16 fev Viva a democracia, por Rute Rossato
Artigo de autoria da diretora do Departamento de Comunicação Social, Rute dos Santos Rossato,
publicado na Coluna da AJURIS no jornal O Sul dessa segunda-feira (16/2).
Desde junho de 2013, temos visto alguns manifestantes de extrema direita pedindo a volta da ditadura militar. Os gritos de ordem surgiram em forma de protesto de grupos minoritários, espécie de caricatura daquelas manifestações do início dos anos sessenta, em que alguns entoavam cânticos religiosos, com seus rosários e bíblias nas mãos e outros faziam discursos inflamados em defesa da família, pátria e propriedade.
O medo do comunismo foi a motivação para a maioria dos homens e mulheres simples que participavam da marcha. Cristãos e tementes a Deus acreditavam que a ameaça vermelha somente poderia ser contida pelo pulso firme dos militares.
Nesse contexto, teve início o período mais triste da nossa História. O presidente eleito democraticamente foi destituído e o país passou a ser governado pelos militares, que tomaram gosto pelo Poder. O que era provisório passou a ser permanente e aos poucos foi se estabelecendo um regime de exceção inspirado nos mais cruentos regimes ditatoriais. O Congresso Nacional foi fechado; as universidades esvaziadas; a imprensa amordaçada; intelectuais, artistas, estudantes e jornalistas desapareceram, foram presos, torturados, mortos ou exilados. Ainda hoje, não se sabe o paradeiro de muitos desaparecidos, apesar do exaustivo trabalho da Comissão da Verdade. Qualquer manifestação contrária ao governo era duramente reprimida. A censura era exercida com mãos de ferro na seara da cultura, produção intelectual e jornalismo. Em contrapartida, a propaganda oficial mostrava um país em franco desenvolvimento, com suas obras monumentais, inúteis e superfaturadas, como a transamazônica. Foi nesse período que algumas empreiteiras envolvidas na operação Lava-Jato se desenvolveram. Mas a corrupção verde-oliva, obviamente, não poderia ser investigada e nem noticiada, já que não havia imprensa livre e instituições independentes. Enquanto a dívida externa do Brasil triplicava, as crianças cantavam na escola “Esse é um país que vai pra frente”, cânticos que abafavam os gritos de pavor que ecoavam dos porões da ditadura.

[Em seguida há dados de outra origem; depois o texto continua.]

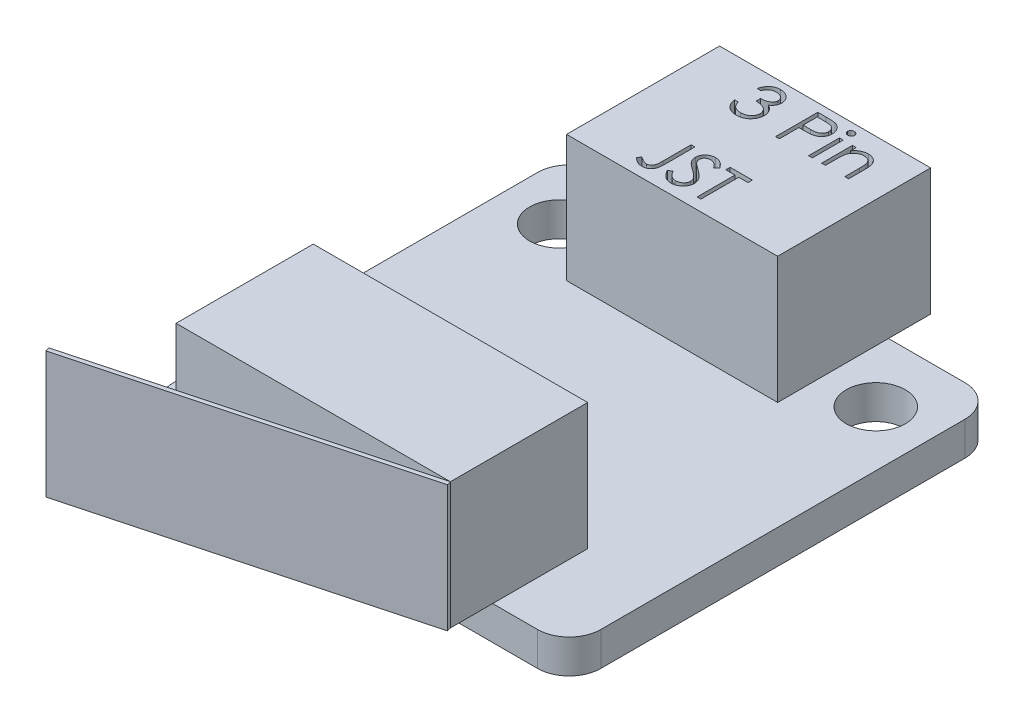
SolidWorks part; units mm, degrees
ref_plane "Front Plane" through (0, 0, 0) normal (0, 0, 1) x (1, 0, 0)
ref_plane "Top Plane" through (0, 0, 0) normal (0, 1, 0) x (1, 0, 0)
ref_plane "Right Plane" through (0, 0, 0) normal (1, 0, 0) x (0, 0, -1)
sketch "Sketch1" plane through (0, 0, 0) normal (0, 1, 0) x (1, 0, 0)
  line L0 (-7.5, 7.025) -> (7.5, 7.025) construction
  line L1 (-8.625, -10.125) -> (8.625, -10.125)
  line L2 (-10.125, -8.625) -> (-10.125, 8.625)
  line L3 (-8.625, 10.125) -> (8.625, 10.125)
  line L4 (10.125, -8.625) -> (10.125, 8.625)
  line L5 (-10.125, -10.125) -> (10.125, 10.125) construction
  line L6 (-10.125, 10.125) -> (10.125, -10.125) construction
  circle A0 centre (-7.5, 7.025) radius 1.4
  circle A1 centre (7.5, 7.025) radius 1.4
  arc A2 (-8.625, -10.125) -> (-10.125, -8.625) centre (-8.625, -8.625) cw
  arc A3 (8.625, -10.125) -> (10.125, -8.625) centre (8.625, -8.625) ccw
  arc A4 (8.625, 10.125) -> (10.125, 8.625) centre (8.625, 8.625) cw
  arc A5 (-10.125, 8.625) -> (-8.625, 10.125) centre (-8.625, 8.625) cw
  point P0 (0, 0)
  point P10 (0, 7.025)
extrude "Boss-Extrude1" add sketch "Sketch1" along normal blind 1.6
sketch "Sketch2" plane through (0, 1.6, 0) normal (0, 1, 0) x (1, 0, 0)
  line L0 (8.625, 10.125) -> (-8.625, 10.125) construction
  line L1 (-5, 4.875) -> (5, 4.875)
  line L2 (-5, 4.875) -> (-5, 12.125)
  line L3 (-5, 12.125) -> (5, 12.125)
  line L4 (5, 4.875) -> (5, 12.125)
  line L5 (-5, 4.875) -> (5, 12.125) construction
  line L6 (-5, 12.125) -> (5, 4.875) construction
  line L7 (-8.625, -10.125) -> (8.625, -10.125) construction
  line L8 (-6.5, -12.125) -> (6.5, -12.125)
  line L9 (-6.5, -12.125) -> (-6.5, -5.625)
  line L10 (-6.5, -5.625) -> (6.5, -5.625)
  line L11 (6.5, -12.125) -> (6.5, -5.625)
  line L12 (-6.5, -12.125) -> (6.5, -5.625) construction
  line L13 (-6.5, -5.625) -> (6.5, -12.125) construction
  line L14 (6.5, -12.125) -> (-8.5, -16.1442)
  line L15 (-8.5, -16.1442) -> (-8.4482, -16.3374)
  line L16 (-8.4482, -16.3374) -> (6.5518, -12.3182)
  line L17 (6.5518, -12.3182) -> (6.5, -12.125)
  point P0 (0, 8.5)
  point P9 (0, -8.875)
  line M10 (-8.625, -10.125) -> (8.625, -10.125)
  line M14 (8.625, 10.125) -> (-8.625, 10.125)
  dimension "D1" = 10
  dimension "D2" = 7.25
  dimension "D3" = 2
  dimension "D4" = 13
  dimension "D5" = 6.5
  dimension "D6" = 2
  dimension "D7" = 0.2
  dimension "D8" = 15
  dimension "D9" = 2
extrude "Boss-Extrude2" add sketch "Sketch2" along normal blind 6 contours L11 L10 L9 M10 | L4 L3 L2 M14 | L1 L4 L2 M14 | L8 L11 L9 M10 | L16 L17 L14 L15
sketch "Sketch3" plane through (0, 7.6, 0) normal (0, 1, 0) x (1, 0, 0)
  text T0 "3 Pin \r\nJST" font "Century Gothic" height 2
  point P1 (-2.3491, 9.2639)
  point P2 (-2.5199, 9.7337)
extrude "Cut-Extrude1" cut sketch "Sketch3" against normal blind 1
equation "\"D3@Sketch1\"=12.2+\"D2@Sketch1\""
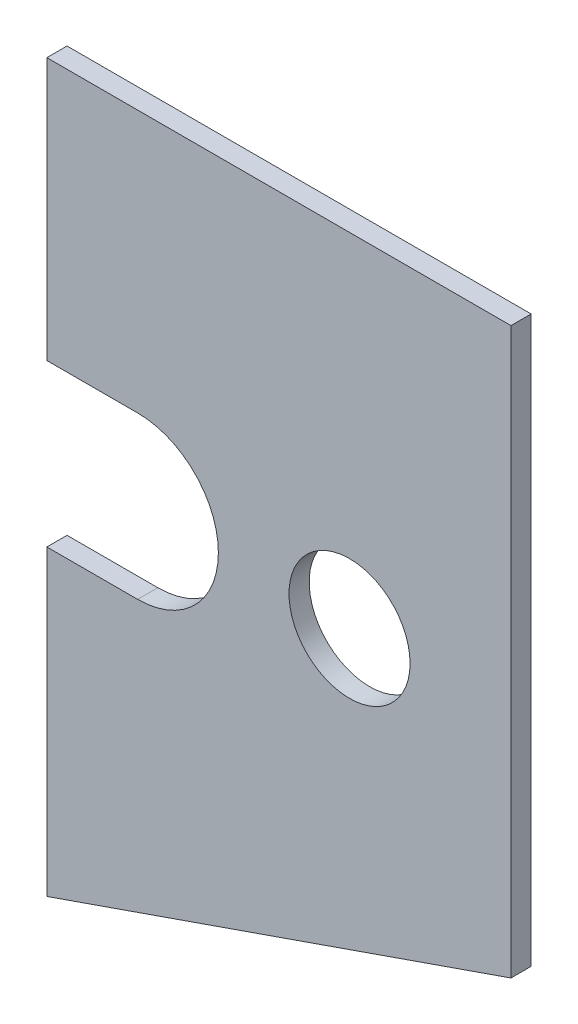
SolidWorks part; units mm, degrees
ref_plane "Front Plane" through (0, 0, 0) normal (0, 0, 1) x (1, 0, 0)
ref_plane "Top Plane" through (0, 0, 0) normal (0, 1, 0) x (1, 0, 0)
ref_plane "Right Plane" through (0, 0, 0) normal (1, 0, 0) x (0, 0, -1)
sketch "Sketch1" plane through (0, 0, 0) normal (0, 0, 1) x (1, 0, 0)
  line L0 (0, 0) -> (0, 228.6)
  line L1 (0, 228.6) -> (146.05, 228.6)
  line L2 (146.05, 228.6) -> (146.05, 50.8)
  line L3 (146.05, 50.8) -> (0, 0)
  dimension "D1" = 228.6
  dimension "D2" = 146.05
  dimension "D3" = 50.8
extrude "Boss-Extrude1" add sketch "Sketch1" along normal blind 6.35
sketch "Sketch2" plane through (0, 0, 6.35) normal (0, 0, 1) x (1, 0, 0)
  line L0 (0, 228.6) -> (0, 0) construction
  line L2 (0, 120.65) -> (28.575, 120.65) construction
  line L3 (0, 146.05) -> (28.575, 146.05)
  line L4 (0, 95.25) -> (28.575, 95.25)
  arc A0 (93.1519, 139.5841) -> (89.6911, 102.4291) centre (95.25, 120.65) cw construction
  circle A1 centre (95.25, 120.65) radius 19.05
  arc A2 (0, 146.05) -> (0, 95.25) centre (0, 120.65) ccw
  arc A3 (28.575, 95.25) -> (28.575, 146.05) centre (28.575, 120.65) ccw
  point P8 (14.2875, 120.65)
  dimension "D3" = 19.05
  dimension "D1" = 95.25
  dimension "D2" = 120.65
  dimension "D4" = 50.8
  dimension "D5" = 28.575
extrude "Cut-Extrude1" cut sketch "Sketch2" against normal through all
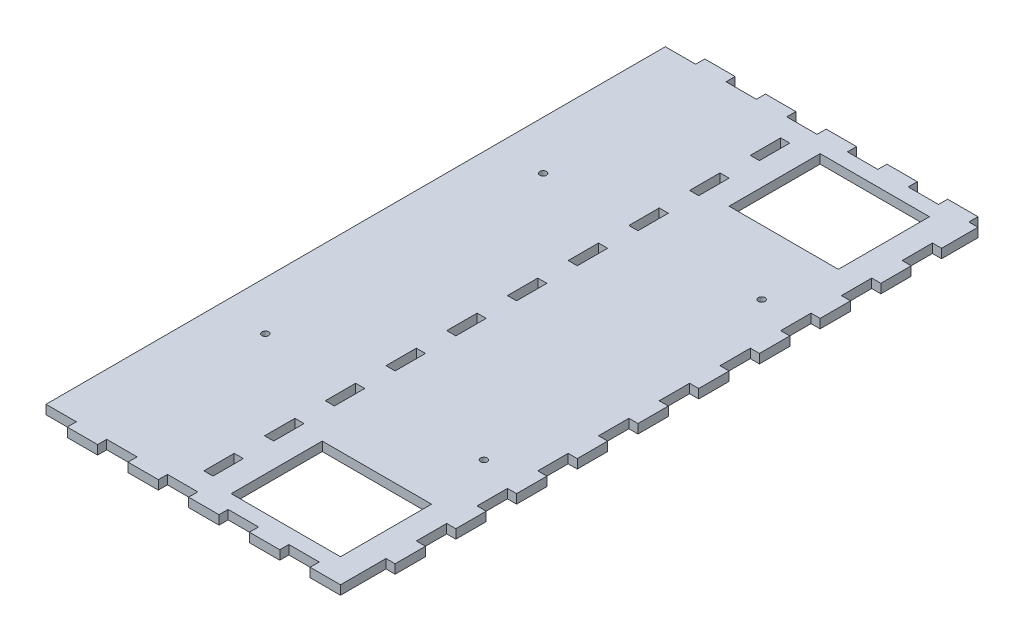
SolidWorks part; units mm, degrees
ref_plane "Front Plane" through (0, 0, 0) normal (0, 0, 1) x (1, 0, 0)
ref_plane "Top Plane" through (0, 0, 0) normal (0, 1, 0) x (1, 0, 0)
ref_plane "Right Plane" through (0, 0, 0) normal (1, 0, 0) x (0, 0, -1)
sketch "Sketch1" plane through (0, 0, 0) normal (0, 1, 0) x (1, 0, 0)
  line L1 (0, 0) -> (100, 0)
  line L2 (0, 0) -> (0, 204)
  line L3 (0, 204) -> (100, 204)
  line L4 (100, 0) -> (100, 204)
  dimension "D1" = 100
  dimension "D2" = 204
extrude "Boss-Extrude1" add sketch "Sketch1" along normal blind 3
sketch "Sketch2" plane through (0, 0, 0) normal (0, 0, 1) x (1, 0, 0)
  line L0 (0, 0) -> (100, 0) construction
  line L1 (100, 3) -> (90, 3)
  line L2 (100, 3) -> (100, 0)
  line L3 (100, 0) -> (90, 0)
  line L4 (90, 3) -> (90, 0)
  dimension "D1" = 10
extrude "Boss-Extrude2" add sketch "Sketch2" along normal blind 3
pattern_linear "LPattern1" count 5 spacing 20 along (-1, 0, 0) of "Boss-Extrude2"
sketch "Sketch3" plane through (0, 0, -204) normal (0, 0, -1) x (-1, 0, 0)
  line L1 (-100, 3) -> (-90, 3)
  line L2 (-100, 3) -> (-100, 0)
  line L3 (-100, 0) -> (-90, 0)
  line L4 (-90, 3) -> (-90, 0)
extrude "Boss-Extrude3" add sketch "Sketch3" along normal blind 3
pattern_linear "LPattern2" count 5 spacing 20 along (-1, 0, 0) of "Boss-Extrude3"
sketch "Sketch4" plane through (0, 3, 0) normal (0, 1, 0) x (1, 0, 0)
  line L0 (0, 204) -> (0, 0) construction
  line L1 (45, 7) -> (48, 7)
  line L2 (45, 7) -> (45, 17)
  line L3 (45, 17) -> (48, 17)
  line L4 (48, 7) -> (48, 17)
  line L5 (40, 0) -> (50, 0) construction
  dimension "D1" = 45
  dimension "D2" = 7
  dimension "D3" = 10
  dimension "D4" = 3
extrude "Cut-Extrude1" cut sketch "Sketch4" against normal through all
pattern_linear "LPattern3" count 10 spacing 20 along (0, 0, -1) of "Cut-Extrude1"
sketch "Sketch5" plane through (0, 3, 0) normal (0, 1, 0) x (1, 0, 0)
  line L0 (48, 7) -> (48, 17) construction
  line L1 (56, 5) -> (92, 5)
  line L2 (56, 5) -> (56, 35)
  line L3 (56, 35) -> (92, 35)
  line L4 (92, 5) -> (92, 35)
  line L5 (100, -3) -> (100, 207) construction
  line L6 (0, 102) -> (100, 102) construction
  line L7 (0, 204) -> (0, 0) construction
  line L8 (56, 169) -> (92, 169)
  line L9 (92, 199) -> (92, 169)
  line L10 (56, 199) -> (92, 199)
  line L11 (56, 199) -> (56, 169)
  line L12 (80, 0) -> (90, 0) construction
  circle A0 centre (88, 147.75) radius 1.1
  circle A1 centre (88, 56.25) radius 1.1
  circle A2 centre (16, 56.25) radius 1.1
  circle A3 centre (16, 147.75) radius 1.1
  point P6 (48, 12)
  point P19 (85, 0)
  point P28 (0, 0)
  point P29 (0, 0)
  dimension "D6" = 2.2
  dimension "D1" = 30
  dimension "D2" = 8
  dimension "D3" = 8
  dimension "D4" = 5
  dimension "D5" = 91.5
  dimension "D7" = 72
  dimension "D8" = 12
extrude "Cut-Extrude2" cut sketch "Sketch5" against normal through all
sketch "Sketch6" plane through (100, 0, 0) normal (1, 0, 0) x (0, 0, -1)
  line L0 (-3, 0) -> (207, 0) construction
  line L5 (207, 3) -> (207, 0) construction
  line L42 (-3, 3) -> (207, 3) construction
  line L83 (204, 0) -> (192, 0)
  line L84 (204, 0) -> (204, 3)
  line L85 (204, 3) -> (192, 3)
  line L86 (192, 0) -> (192, 3)
  line L87 (162, 3) -> (162, 0)
  line L88 (182, 3) -> (172, 3)
  line L89 (182, 3) -> (182, 0)
  line L90 (182, 0) -> (172, 0)
  line L91 (172, 3) -> (172, 0)
  line L92 (162, 3) -> (152, 3)
  line L93 (152, 3) -> (152, 0)
  line L94 (162, 0) -> (152, 0)
  line L95 (142, 3) -> (142, 0)
  line L96 (142, 3) -> (132, 3)
  line L97 (132, 3) -> (132, 0)
  line L98 (142, 0) -> (132, 0)
  line L99 (122, 3) -> (122, 0)
  line L100 (122, 3) -> (112, 3)
  line L101 (112, 3) -> (112, 0)
  line L102 (122, 0) -> (112, 0)
  line L103 (102, 3) -> (102, 0)
  line L104 (102, 3) -> (92, 3)
  line L105 (92, 3) -> (92, 0)
  line L106 (102, 0) -> (92, 0)
  line L107 (82, 3) -> (82, 0)
  line L108 (82, 3) -> (72, 3)
  line L109 (72, 3) -> (72, 0)
  line L110 (82, 0) -> (72, 0)
  line L111 (62, 3) -> (62, 0)
  line L112 (62, 3) -> (52, 3)
  line L113 (52, 3) -> (52, 0)
  line L114 (62, 0) -> (52, 0)
  line L115 (42, 3) -> (42, 0)
  line L116 (42, 3) -> (32, 3)
  line L117 (32, 3) -> (32, 0)
  line L118 (42, 0) -> (32, 0)
  line L119 (22, 3) -> (22, 0)
  line L120 (22, 3) -> (12, 3)
  line L121 (12, 3) -> (12, 0)
  line L122 (22, 0) -> (12, 0)
  dimension "D1" = 12
  dimension "D2" = 10
  dimension "D3" = 3
  dimension "D4" = 10
extrude "Boss-Extrude4" add sketch "Sketch6" along normal blind 3

A história já é bem conhecida de todos. Por isso, surpreende que ainda hoje algumas pessoas clamem pela volta da ditadura, sob o pretexto de dar fim à corrupção. É compreensível que o cidadão comum, que trabalha e vive dentro da legalidade, fique estarrecido e indignado com as notícias recentes sobre a corrupção praticada de longa data na Petrobrás, mas nada justifica o retrocesso. É preciso compreender que a abertura democrática foi conquistada a duras penas. Muito se lutou pela anistia e redemocratização do país, e não foram poucos os brasileiros que perderam a vida porque queriam construir um país mais livre e igualitário para todos, até para que as minorias possam se expressar livremente, mesmo que seja pedindo o retorno da ditadura.
A solução para a crise requer o fortalecimento das instituições e não a sua supressão. A democracia não é uma obra perfeita e acabada. Ela deve ser construída todos os dias. Precisamos estar atentos e vigilantes para que esse passado de barbárie não retorne nunca mais.